::: Data supplied

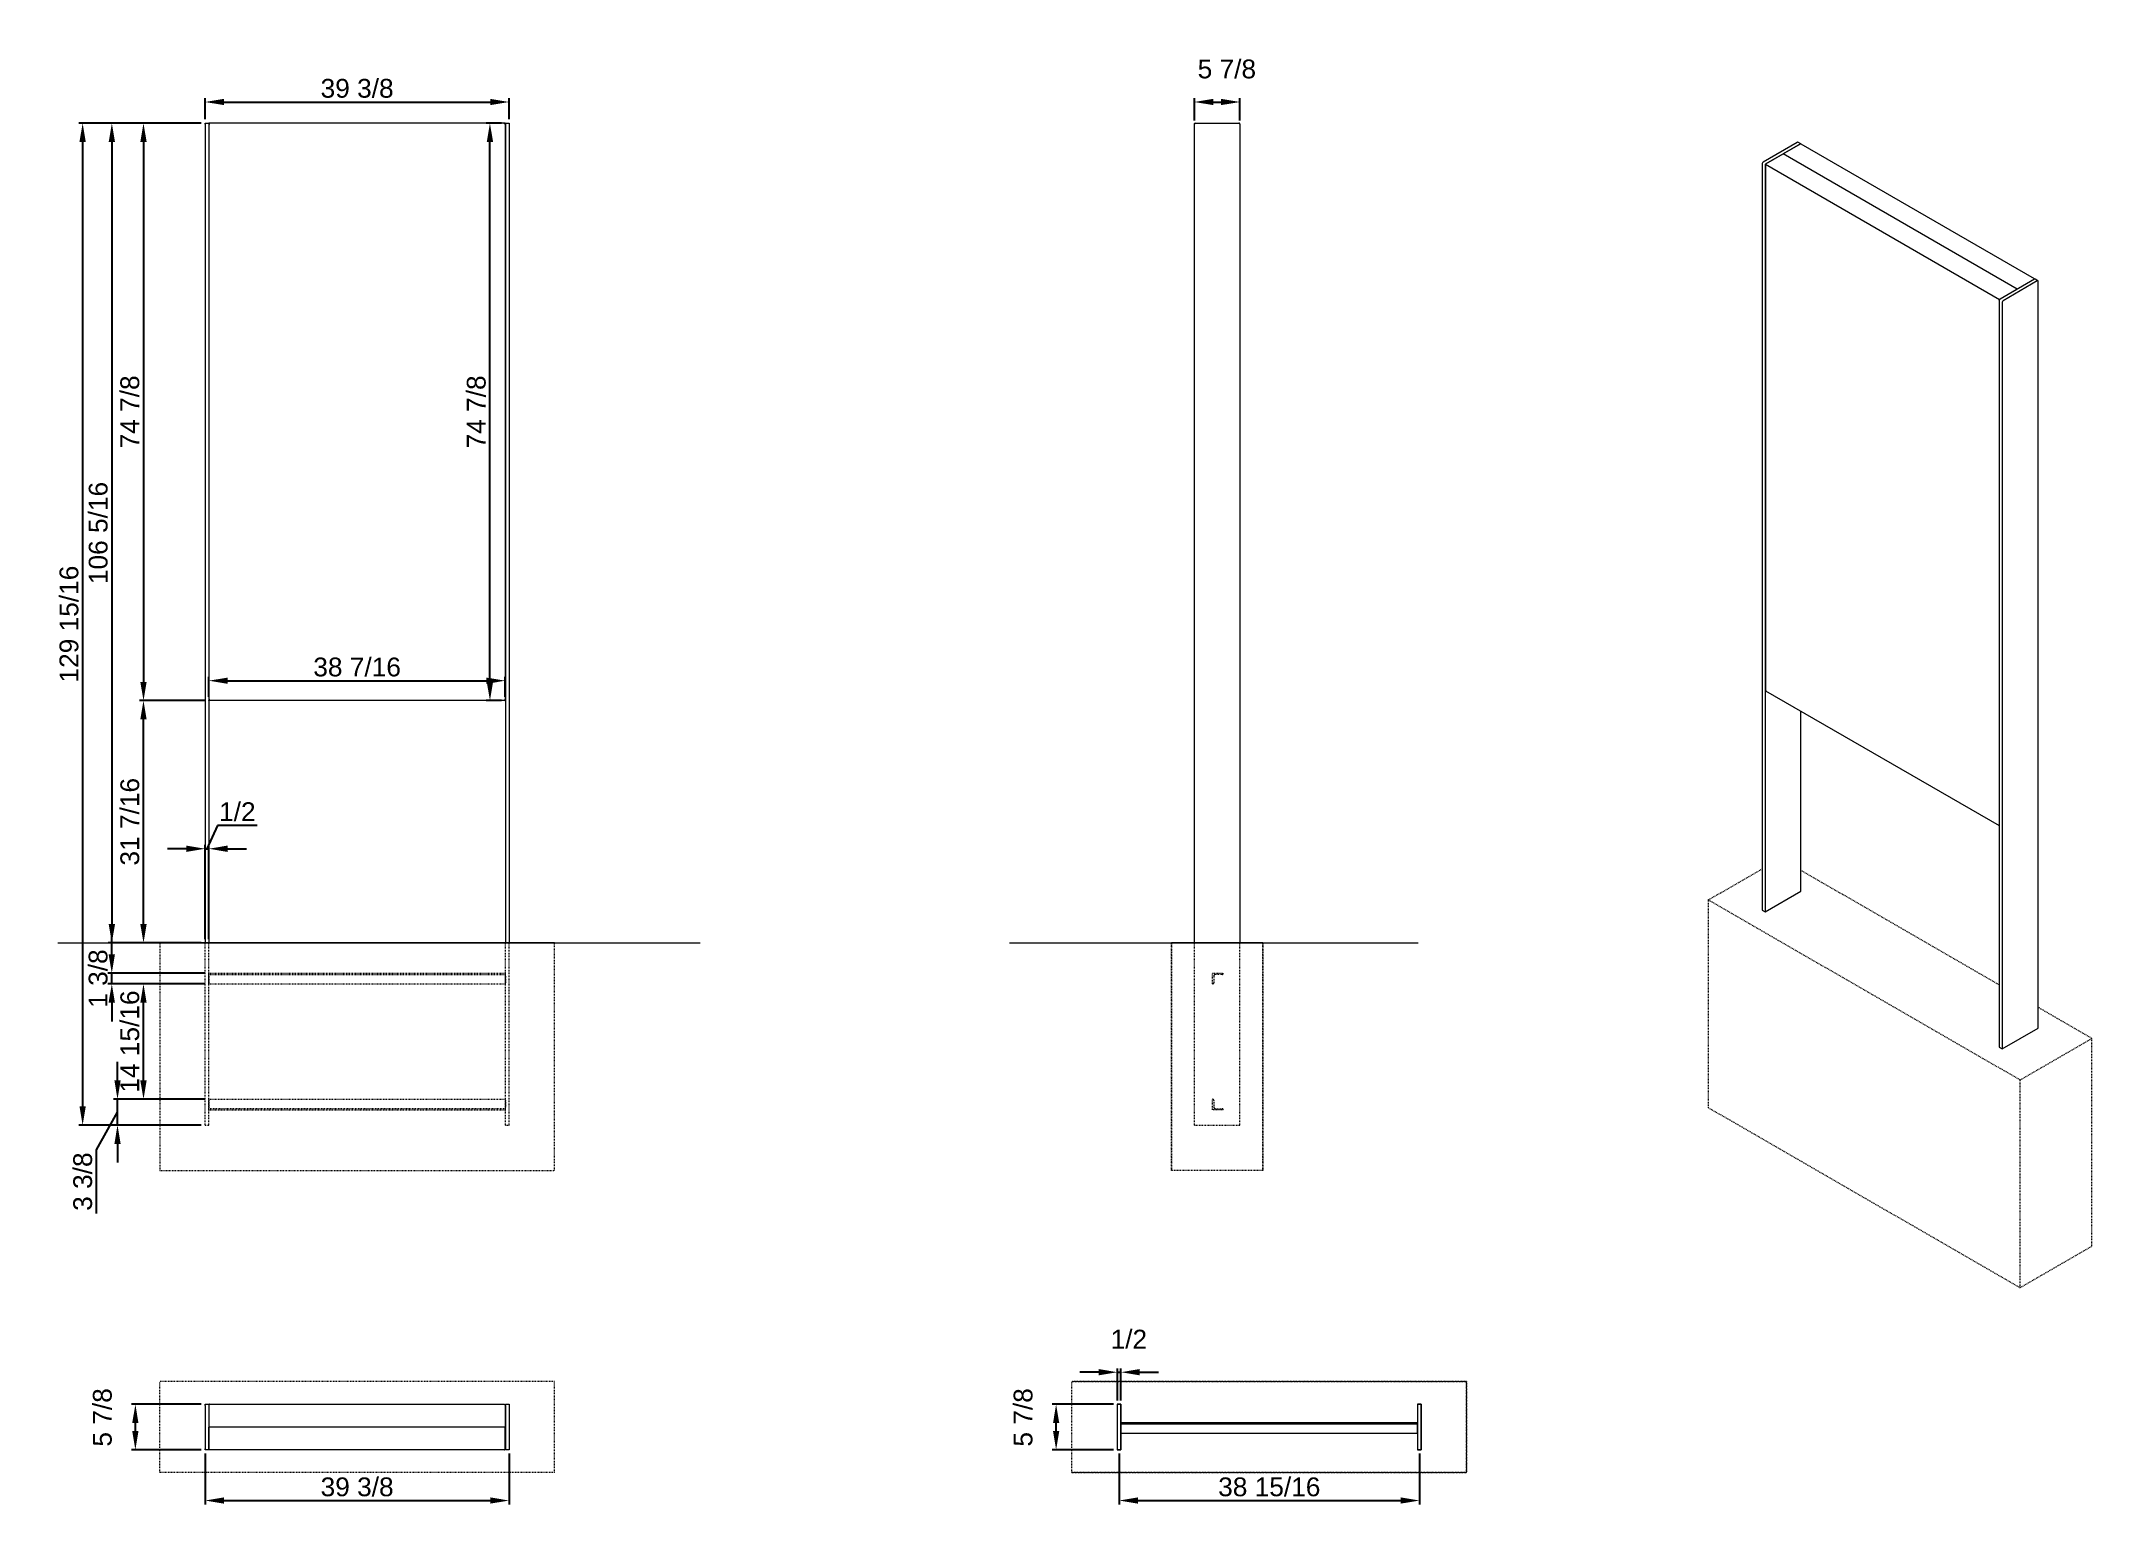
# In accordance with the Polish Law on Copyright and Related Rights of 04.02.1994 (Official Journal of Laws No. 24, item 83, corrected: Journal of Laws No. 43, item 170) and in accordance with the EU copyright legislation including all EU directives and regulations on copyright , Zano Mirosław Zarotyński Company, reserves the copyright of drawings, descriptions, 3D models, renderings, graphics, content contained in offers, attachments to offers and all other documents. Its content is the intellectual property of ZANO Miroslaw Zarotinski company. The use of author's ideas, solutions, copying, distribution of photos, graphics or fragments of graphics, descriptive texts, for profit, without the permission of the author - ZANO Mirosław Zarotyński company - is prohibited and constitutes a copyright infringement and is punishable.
# Model space of a CAD drawing. Header units: inches. Extents: x -12 to 254, y -6 to 185.
import ezdxf

# ---------------------------------------------------------------- set-up
doc = ezdxf.new("R2010")
doc.units = ezdxf.units.IN
doc.header["$PDSIZE"] = -1
doc.linetypes.add('HIDDEN', pattern=[1.905, 1.27, -0.635])
for name, color, linetype, lineweight in [('ZANO_R', 7, 'Continuous', 0), ('ZANO_R_przerywana', 250, 'HIDDEN', 0), ('ZANO_W', 1, 'Continuous', 0)]:
    doc.layers.add(name, color=color, linetype=linetype, lineweight=lineweight)
doc.styles.get("Standard").update_dxf_attribs({"font": 'arial.ttf'})
doc.dimstyles.new('amerykanie', dxfattribs={"dimtxt": 50, "dimasz": 50, "dimexe": 0.5, "dimexo": 0.5, "dimgap": 1, "dimtad": 1, "dimdec": 0, "dimzin": 0, "dimlunit": 5, "dimtxsty": 'Standard', "dimcen": 0.09, "dimclrd": 1, "dimclre": 1, "dimclrt": 1, "dimazin": 0, "dimtfac": 1, "dimtdec": 0, "dimtmove": 0, "dimatfit": 3, "dimfxl": 1, "dimtzin": 0, "dimarcsym": 1})

# ---------------------------------------------------------------- blocks, each defined once
blk = doc.blocks.new('*D370')
at = {"layer": 'Defpoints', "color": 0}
for p in [(9.72, 174.69), (1.73, 99.82), (10.21, 99.82)]:
    blk.add_point(p, dxfattribs=at)
at = {"layer": 'ZANO_W', "color": 1, "lineweight": -2}
for p, q in [((9.22, 174.69), (1.23, 174.69)), ((1.73, 172.25), (1.73, 102.25)), ((9.71, 99.82), (1.23, 99.82))]:
    blk.add_line(p, q, dxfattribs=at)
at = {"layer": 'ZANO_W', "color": 1}
for points in [[(2.14, 172.25), (1.32, 172.25), (1.73, 174.69)], [(1.32, 102.25), (2.14, 102.25), (1.73, 99.82)]]:
    blk.add_solid(points, dxfattribs=at)
at = {"layer": 'ZANO_W', "color": 1, "insert": (-0.03, 137.25), "char_height": 2.438, "attachment_point": 5, "rotation": 90}
blk.add_mtext('74 7/8', dxfattribs=at)
blk = doc.blocks.new('*D371')
at = {"layer": 'Defpoints', "color": 0}
for p in [(9.72, 174.69), (-2.37, 68.4), (9.72, 68.4)]:
    blk.add_point(p, dxfattribs=at)
at = {"layer": 'ZANO_W', "color": 1, "lineweight": -2}
for p, q in [((9.22, 174.69), (-2.87, 174.69)), ((-2.37, 172.25), (-2.37, 70.84)), ((9.22, 68.4), (-2.87, 68.4))]:
    blk.add_line(p, q, dxfattribs=at)
at = {"layer": 'ZANO_W', "color": 1}
for points in [[(-1.96, 172.25), (-2.78, 172.25), (-2.37, 174.69)], [(-2.78, 70.84), (-1.96, 70.84), (-2.37, 68.4)]]:
    blk.add_solid(points, dxfattribs=at)
at = {"layer": 'ZANO_W', "color": 1, "insert": (-4.13, 121.55), "char_height": 2.438, "attachment_point": 5, "rotation": 90}
blk.add_mtext('106 5/16', dxfattribs=at)
blk = doc.blocks.new('*D372')
at = {"layer": 'Defpoints', "color": 0}
for p in [(9.72, 174.69), (-6.16, 44.78), (9.72, 44.78)]:
    blk.add_point(p, dxfattribs=at)
at = {"layer": 'ZANO_W', "color": 1, "lineweight": -2}
for p, q in [((9.22, 174.69), (-6.66, 174.69)), ((-6.16, 172.25), (-6.16, 47.22)), ((9.22, 44.78), (-6.66, 44.78))]:
    blk.add_line(p, q, dxfattribs=at)
at = {"layer": 'ZANO_W', "color": 1}
for points in [[(-5.75, 172.25), (-6.57, 172.25), (-6.16, 174.69)], [(-6.57, 47.22), (-5.75, 47.22), (-6.16, 44.78)]]:
    blk.add_solid(points, dxfattribs=at)
at = {"layer": 'ZANO_W', "color": 1, "insert": (-7.92, 109.74), "char_height": 2.438, "attachment_point": 5, "rotation": 90}
blk.add_mtext('129 15/16', dxfattribs=at)
blk = doc.blocks.new('*D373')
at = {"layer": 'Defpoints', "color": 0}
for p in [(49.13, 177.43), (9.72, 174.69), (49.13, 174.69)]:
    blk.add_point(p, dxfattribs=at)
at = {"layer": 'ZANO_W', "color": 1, "lineweight": -2}
for p, q in [((9.72, 175.19), (9.72, 177.93)), ((12.16, 177.43), (46.69, 177.43)), ((49.13, 175.19), (49.13, 177.93))]:
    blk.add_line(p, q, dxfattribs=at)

::::::

* **Exercise description**: Every line of the data above is to be set down word for word, with the pictures left out.

* **Task response**:
# In accordance with the Polish Law on Copyright and Related Rights of 04.02.1994 (Official Journal of Laws No. 24, item 83, corrected: Journal of Laws No. 43, item 170) and in accordance with the EU copyright legislation including all EU directives and regulations on copyright , Zano Mirosław Zarotyński Company, reserves the copyright of drawings, descriptions, 3D models, renderings, graphics, content contained in offers, attachments to offers and all other documents. Its content is the intellectual property of ZANO Miroslaw Zarotinski company. The use of author's ideas, solutions, copying, distribution of photos, graphics or fragments of graphics, descriptive texts, for profit, without the permission of the author - ZANO Mirosław Zarotyński company - is prohibited and constitutes a copyright infringement and is punishable.
# Model space of a CAD drawing. Header units: inches. Extents: x -12 to 254, y -6 to 185.
import ezdxf

# ---------------------------------------------------------------- set-up
doc = ezdxf.new("R2010")
doc.units = ezdxf.units.IN
doc.header["$PDSIZE"] = -1
doc.linetypes.add('HIDDEN', pattern=[1.905, 1.27, -0.635])
for name, color, linetype, lineweight in [('ZANO_R', 7, 'Continuous', 0), ('ZANO_R_przerywana', 250, 'HIDDEN', 0), ('ZANO_W', 1, 'Continuous', 0)]:
    doc.layers.add(name, color=color, linetype=linetype, lineweight=lineweight)
doc.styles.get("Standard").update_dxf_attribs({"font": 'arial.ttf'})
doc.dimstyles.new('amerykanie', dxfattribs={"dimtxt": 50, "dimasz": 50, "dimexe": 0.5, "dimexo": 0.5, "dimgap": 1, "dimtad": 1, "dimdec": 0, "dimzin": 0, "dimlunit": 5, "dimtxsty": 'Standard', "dimcen": 0.09, "dimclrd": 1, "dimclre": 1, "dimclrt": 1, "dimazin": 0, "dimtfac": 1, "dimtdec": 0, "dimtmove": 0, "dimatfit": 3, "dimfxl": 1, "dimtzin": 0, "dimarcsym": 1})

# ---------------------------------------------------------------- blocks, each defined once
blk = doc.blocks.new('*D370')
at = {"layer": 'Defpoints', "color": 0}
for p in [(9.72, 174.69), (1.73, 99.82), (10.21, 99.82)]:
    blk.add_point(p, dxfattribs=at)
at = {"layer": 'ZANO_W', "color": 1, "lineweight": -2}
for p, q in [((9.22, 174.69), (1.23, 174.69)), ((1.73, 172.25), (1.73, 102.25)), ((9.71, 99.82), (1.23, 99.82))]:
    blk.add_line(p, q, dxfattribs=at)
at = {"layer": 'ZANO_W', "color": 1}
for points in [[(2.14, 172.25), (1.32, 172.25), (1.73, 174.69)], [(1.32, 102.25), (2.14, 102.25), (1.73, 99.82)]]:
    blk.add_solid(points, dxfattribs=at)
at = {"layer": 'ZANO_W', "color": 1, "insert": (-0.03, 137.25), "char_height": 2.438, "attachment_point": 5, "rotation": 90}
blk.add_mtext('74 7/8', dxfattribs=at)
blk = doc.blocks.new('*D371')
at = {"layer": 'Defpoints', "color": 0}
for p in [(9.72, 174.69), (-2.37, 68.4), (9.72, 68.4)]:
    blk.add_point(p, dxfattribs=at)
at = {"layer": 'ZANO_W', "color": 1, "lineweight": -2}
for p, q in [((9.22, 174.69), (-2.87, 174.69)), ((-2.37, 172.25), (-2.37, 70.84)), ((9.22, 68.4), (-2.87, 68.4))]:
    blk.add_line(p, q, dxfattribs=at)
at = {"layer": 'ZANO_W', "color": 1}
for points in [[(-1.96, 172.25), (-2.78, 172.25), (-2.37, 174.69)], [(-2.78, 70.84), (-1.96, 70.84), (-2.37, 68.4)]]:
    blk.add_solid(points, dxfattribs=at)
at = {"layer": 'ZANO_W', "color": 1, "insert": (-4.13, 121.55), "char_height": 2.438, "attachment_point": 5, "rotation": 90}
blk.add_mtext('106 5/16', dxfattribs=at)
blk = doc.blocks.new('*D372')
at = {"layer": 'Defpoints', "color": 0}
for p in [(9.72, 174.69), (-6.16, 44.78), (9.72, 44.78)]:
    blk.add_point(p, dxfattribs=at)
at = {"layer": 'ZANO_W', "color": 1, "lineweight": -2}
for p, q in [((9.22, 174.69), (-6.66, 174.69)), ((-6.16, 172.25), (-6.16, 47.22)), ((9.22, 44.78), (-6.66, 44.78))]:
    blk.add_line(p, q, dxfattribs=at)
at = {"layer": 'ZANO_W', "color": 1}
for points in [[(-5.75, 172.25), (-6.57, 172.25), (-6.16, 174.69)], [(-6.57, 47.22), (-5.75, 47.22), (-6.16, 44.78)]]:
    blk.add_solid(points, dxfattribs=at)
at = {"layer": 'ZANO_W', "color": 1, "insert": (-7.92, 109.74), "char_height": 2.438, "attachment_point": 5, "rotation": 90}
blk.add_mtext('129 15/16', dxfattribs=at)
blk = doc.blocks.new('*D373')
at = {"layer": 'Defpoints', "color": 0}
for p in [(49.13, 177.43), (9.72, 174.69), (49.13, 174.69)]:
    blk.add_point(p, dxfattribs=at)
at = {"layer": 'ZANO_W', "color": 1, "lineweight": -2}
for p, q in [((9.72, 175.19), (9.72, 177.93)), ((12.16, 177.43), (46.69, 177.43)), ((49.13, 175.19), (49.13, 177.93))]:
    blk.add_line(p, q, dxfattribs=at)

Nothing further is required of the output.